▶ **Work required**: Where a line in the records below contains the string "Align", tally it; give only the final number.

Stored data entries:
-=-=-

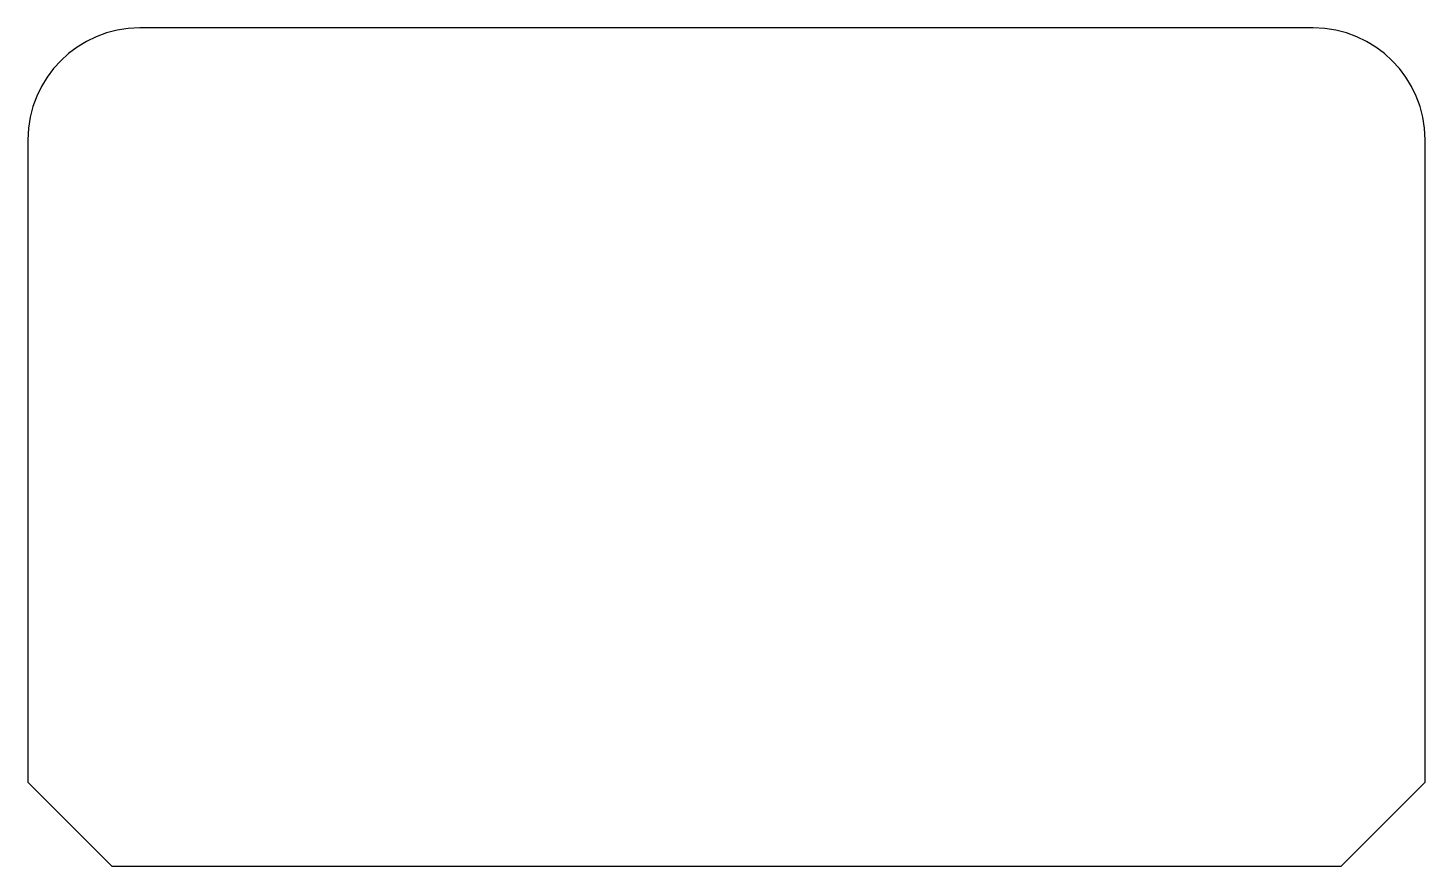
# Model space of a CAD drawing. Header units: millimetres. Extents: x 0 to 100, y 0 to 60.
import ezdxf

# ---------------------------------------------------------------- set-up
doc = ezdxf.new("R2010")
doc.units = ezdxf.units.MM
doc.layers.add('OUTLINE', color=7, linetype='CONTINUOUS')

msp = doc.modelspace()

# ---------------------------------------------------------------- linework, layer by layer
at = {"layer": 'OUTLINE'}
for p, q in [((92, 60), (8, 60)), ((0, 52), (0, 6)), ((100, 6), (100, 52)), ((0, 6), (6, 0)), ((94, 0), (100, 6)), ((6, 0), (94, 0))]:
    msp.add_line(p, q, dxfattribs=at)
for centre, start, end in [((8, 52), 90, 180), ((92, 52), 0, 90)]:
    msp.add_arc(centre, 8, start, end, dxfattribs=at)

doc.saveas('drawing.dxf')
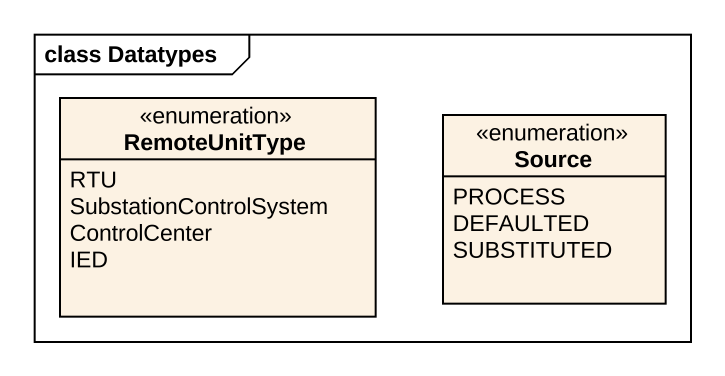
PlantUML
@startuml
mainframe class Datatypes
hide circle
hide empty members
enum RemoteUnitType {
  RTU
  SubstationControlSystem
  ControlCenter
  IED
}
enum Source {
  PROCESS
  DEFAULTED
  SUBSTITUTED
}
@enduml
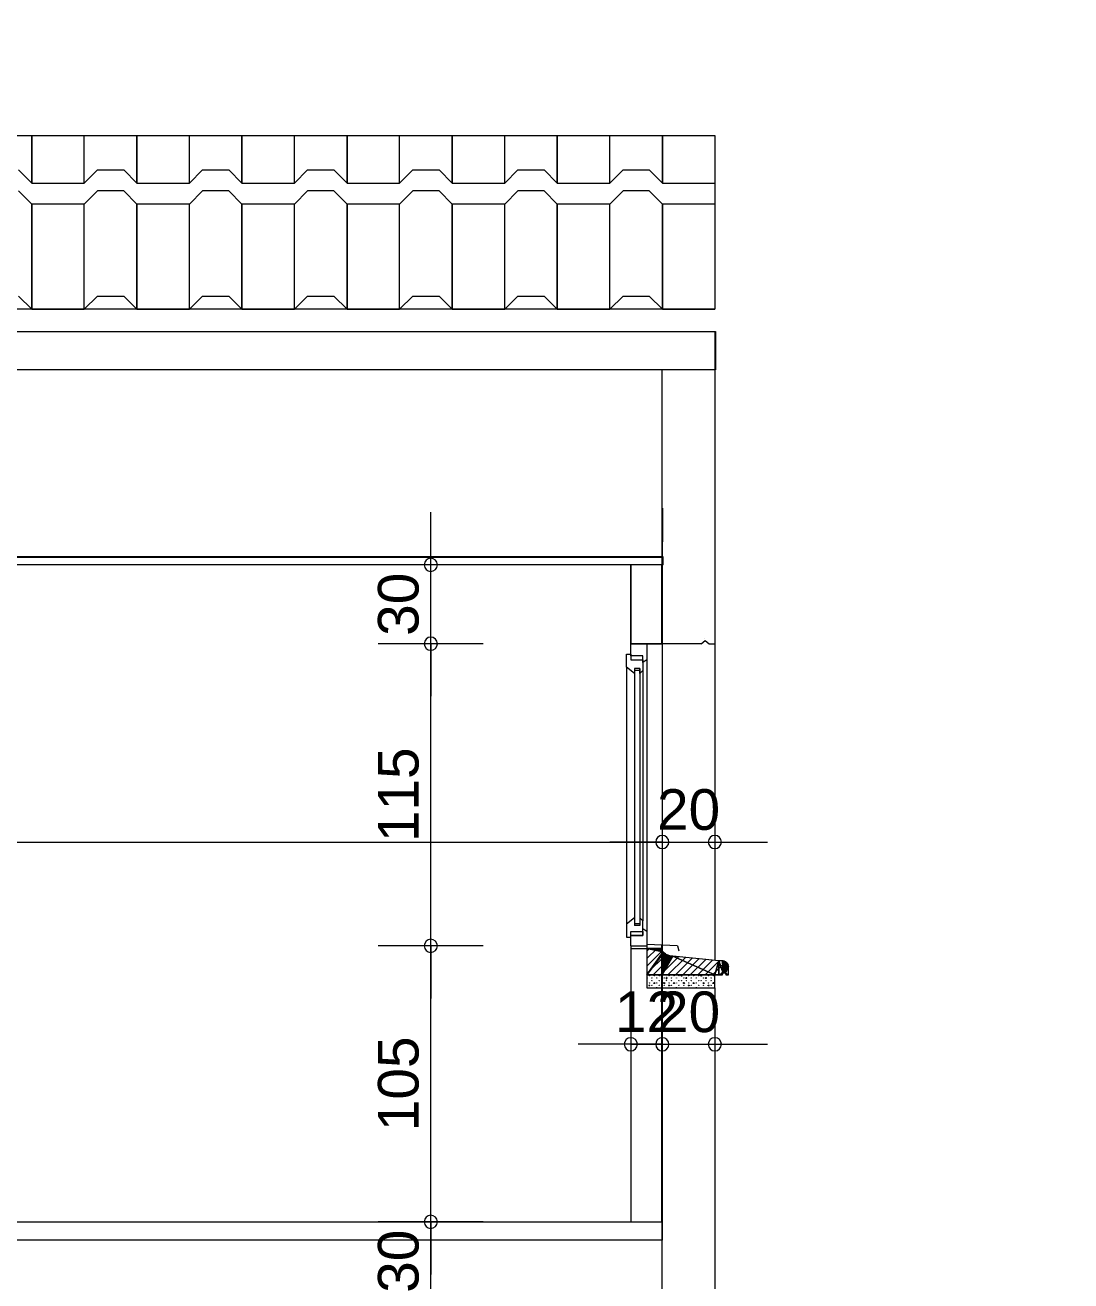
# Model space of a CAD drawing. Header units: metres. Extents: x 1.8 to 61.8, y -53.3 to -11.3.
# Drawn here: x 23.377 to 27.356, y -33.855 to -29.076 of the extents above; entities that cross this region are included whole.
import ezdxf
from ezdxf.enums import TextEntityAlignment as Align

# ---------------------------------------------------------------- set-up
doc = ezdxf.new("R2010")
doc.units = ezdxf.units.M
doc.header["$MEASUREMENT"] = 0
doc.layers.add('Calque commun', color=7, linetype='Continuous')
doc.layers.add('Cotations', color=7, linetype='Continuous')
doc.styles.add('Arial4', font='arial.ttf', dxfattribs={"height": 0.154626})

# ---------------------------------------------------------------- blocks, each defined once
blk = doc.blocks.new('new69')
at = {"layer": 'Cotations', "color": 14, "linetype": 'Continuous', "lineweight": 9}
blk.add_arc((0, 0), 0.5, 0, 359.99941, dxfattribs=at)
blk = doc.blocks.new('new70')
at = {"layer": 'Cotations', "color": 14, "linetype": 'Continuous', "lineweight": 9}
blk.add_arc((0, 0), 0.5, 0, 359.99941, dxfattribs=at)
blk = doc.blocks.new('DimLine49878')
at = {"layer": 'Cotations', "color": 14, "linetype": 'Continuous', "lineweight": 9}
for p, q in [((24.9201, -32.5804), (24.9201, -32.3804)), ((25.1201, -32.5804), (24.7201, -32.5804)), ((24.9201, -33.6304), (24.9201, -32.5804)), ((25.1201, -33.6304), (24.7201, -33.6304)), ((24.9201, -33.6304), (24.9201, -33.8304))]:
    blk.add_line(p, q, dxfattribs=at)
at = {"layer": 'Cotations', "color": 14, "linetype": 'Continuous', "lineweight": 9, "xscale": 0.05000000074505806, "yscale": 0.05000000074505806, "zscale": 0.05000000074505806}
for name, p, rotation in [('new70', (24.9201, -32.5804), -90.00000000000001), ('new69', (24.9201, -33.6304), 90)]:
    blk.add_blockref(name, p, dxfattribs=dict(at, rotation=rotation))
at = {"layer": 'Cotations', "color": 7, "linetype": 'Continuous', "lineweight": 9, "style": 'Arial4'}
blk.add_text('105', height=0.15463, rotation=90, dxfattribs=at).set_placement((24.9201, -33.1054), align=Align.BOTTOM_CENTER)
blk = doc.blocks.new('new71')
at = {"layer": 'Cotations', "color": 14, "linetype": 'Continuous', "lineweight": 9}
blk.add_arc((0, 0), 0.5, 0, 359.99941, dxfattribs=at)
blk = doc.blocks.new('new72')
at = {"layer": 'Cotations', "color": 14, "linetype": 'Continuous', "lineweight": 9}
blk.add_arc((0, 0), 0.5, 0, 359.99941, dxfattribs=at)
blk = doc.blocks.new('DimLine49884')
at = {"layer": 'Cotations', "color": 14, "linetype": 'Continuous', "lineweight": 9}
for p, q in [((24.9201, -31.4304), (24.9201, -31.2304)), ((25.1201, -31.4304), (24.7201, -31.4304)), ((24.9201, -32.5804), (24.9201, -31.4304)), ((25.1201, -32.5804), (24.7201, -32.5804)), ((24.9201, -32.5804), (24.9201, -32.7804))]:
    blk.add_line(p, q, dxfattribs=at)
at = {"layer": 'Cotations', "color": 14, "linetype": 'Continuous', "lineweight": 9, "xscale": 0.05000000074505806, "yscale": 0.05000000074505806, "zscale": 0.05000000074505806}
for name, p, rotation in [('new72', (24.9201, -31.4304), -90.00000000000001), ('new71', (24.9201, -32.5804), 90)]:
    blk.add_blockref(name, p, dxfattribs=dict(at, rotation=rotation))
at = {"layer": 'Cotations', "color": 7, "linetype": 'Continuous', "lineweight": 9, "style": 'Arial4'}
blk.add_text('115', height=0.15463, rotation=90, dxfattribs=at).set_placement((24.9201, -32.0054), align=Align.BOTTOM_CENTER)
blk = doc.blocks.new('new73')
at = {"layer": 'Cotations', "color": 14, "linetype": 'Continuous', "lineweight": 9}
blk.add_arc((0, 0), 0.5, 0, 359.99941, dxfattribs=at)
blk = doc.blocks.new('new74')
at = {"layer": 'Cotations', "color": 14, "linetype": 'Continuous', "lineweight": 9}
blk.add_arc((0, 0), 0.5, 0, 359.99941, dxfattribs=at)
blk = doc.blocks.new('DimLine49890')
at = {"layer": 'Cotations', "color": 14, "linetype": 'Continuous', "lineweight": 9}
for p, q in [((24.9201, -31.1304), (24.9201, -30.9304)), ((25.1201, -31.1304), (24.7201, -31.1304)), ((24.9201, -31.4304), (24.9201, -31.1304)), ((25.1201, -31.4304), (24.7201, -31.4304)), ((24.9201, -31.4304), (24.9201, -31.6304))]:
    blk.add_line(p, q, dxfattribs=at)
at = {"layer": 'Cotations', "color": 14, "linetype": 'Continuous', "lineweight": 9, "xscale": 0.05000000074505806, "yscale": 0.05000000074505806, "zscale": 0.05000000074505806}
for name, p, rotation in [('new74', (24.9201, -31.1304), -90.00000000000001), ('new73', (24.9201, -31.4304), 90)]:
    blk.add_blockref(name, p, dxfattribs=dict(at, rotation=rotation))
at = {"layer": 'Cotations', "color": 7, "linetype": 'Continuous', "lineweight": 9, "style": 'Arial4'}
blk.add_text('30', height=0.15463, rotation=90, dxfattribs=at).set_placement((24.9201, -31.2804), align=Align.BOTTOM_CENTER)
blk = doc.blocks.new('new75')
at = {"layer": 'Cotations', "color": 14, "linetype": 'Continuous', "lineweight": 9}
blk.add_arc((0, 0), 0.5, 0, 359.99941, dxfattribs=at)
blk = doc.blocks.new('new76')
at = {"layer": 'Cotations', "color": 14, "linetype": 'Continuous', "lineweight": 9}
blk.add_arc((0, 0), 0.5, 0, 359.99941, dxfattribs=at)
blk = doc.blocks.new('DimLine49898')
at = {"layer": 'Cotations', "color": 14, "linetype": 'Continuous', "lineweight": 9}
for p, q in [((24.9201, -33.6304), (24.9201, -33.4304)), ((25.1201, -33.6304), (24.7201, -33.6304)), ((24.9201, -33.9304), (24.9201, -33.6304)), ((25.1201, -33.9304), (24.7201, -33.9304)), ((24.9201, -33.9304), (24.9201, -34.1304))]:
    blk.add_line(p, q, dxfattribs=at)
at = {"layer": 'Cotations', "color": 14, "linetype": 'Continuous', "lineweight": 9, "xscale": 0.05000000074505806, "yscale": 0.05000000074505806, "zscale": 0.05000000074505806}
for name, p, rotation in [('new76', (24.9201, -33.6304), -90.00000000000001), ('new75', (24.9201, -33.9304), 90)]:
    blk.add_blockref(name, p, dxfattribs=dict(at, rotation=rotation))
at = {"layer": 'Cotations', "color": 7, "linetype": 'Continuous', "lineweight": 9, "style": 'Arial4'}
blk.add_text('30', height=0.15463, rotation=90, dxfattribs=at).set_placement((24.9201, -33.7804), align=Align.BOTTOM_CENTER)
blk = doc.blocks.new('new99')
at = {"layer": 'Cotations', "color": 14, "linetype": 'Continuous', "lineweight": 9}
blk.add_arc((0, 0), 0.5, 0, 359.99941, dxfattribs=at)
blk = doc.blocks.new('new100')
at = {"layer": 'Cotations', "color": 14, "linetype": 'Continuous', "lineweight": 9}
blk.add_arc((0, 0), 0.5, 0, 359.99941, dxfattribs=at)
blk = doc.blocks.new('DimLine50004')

-=-=-

▶ **Answer area**: 5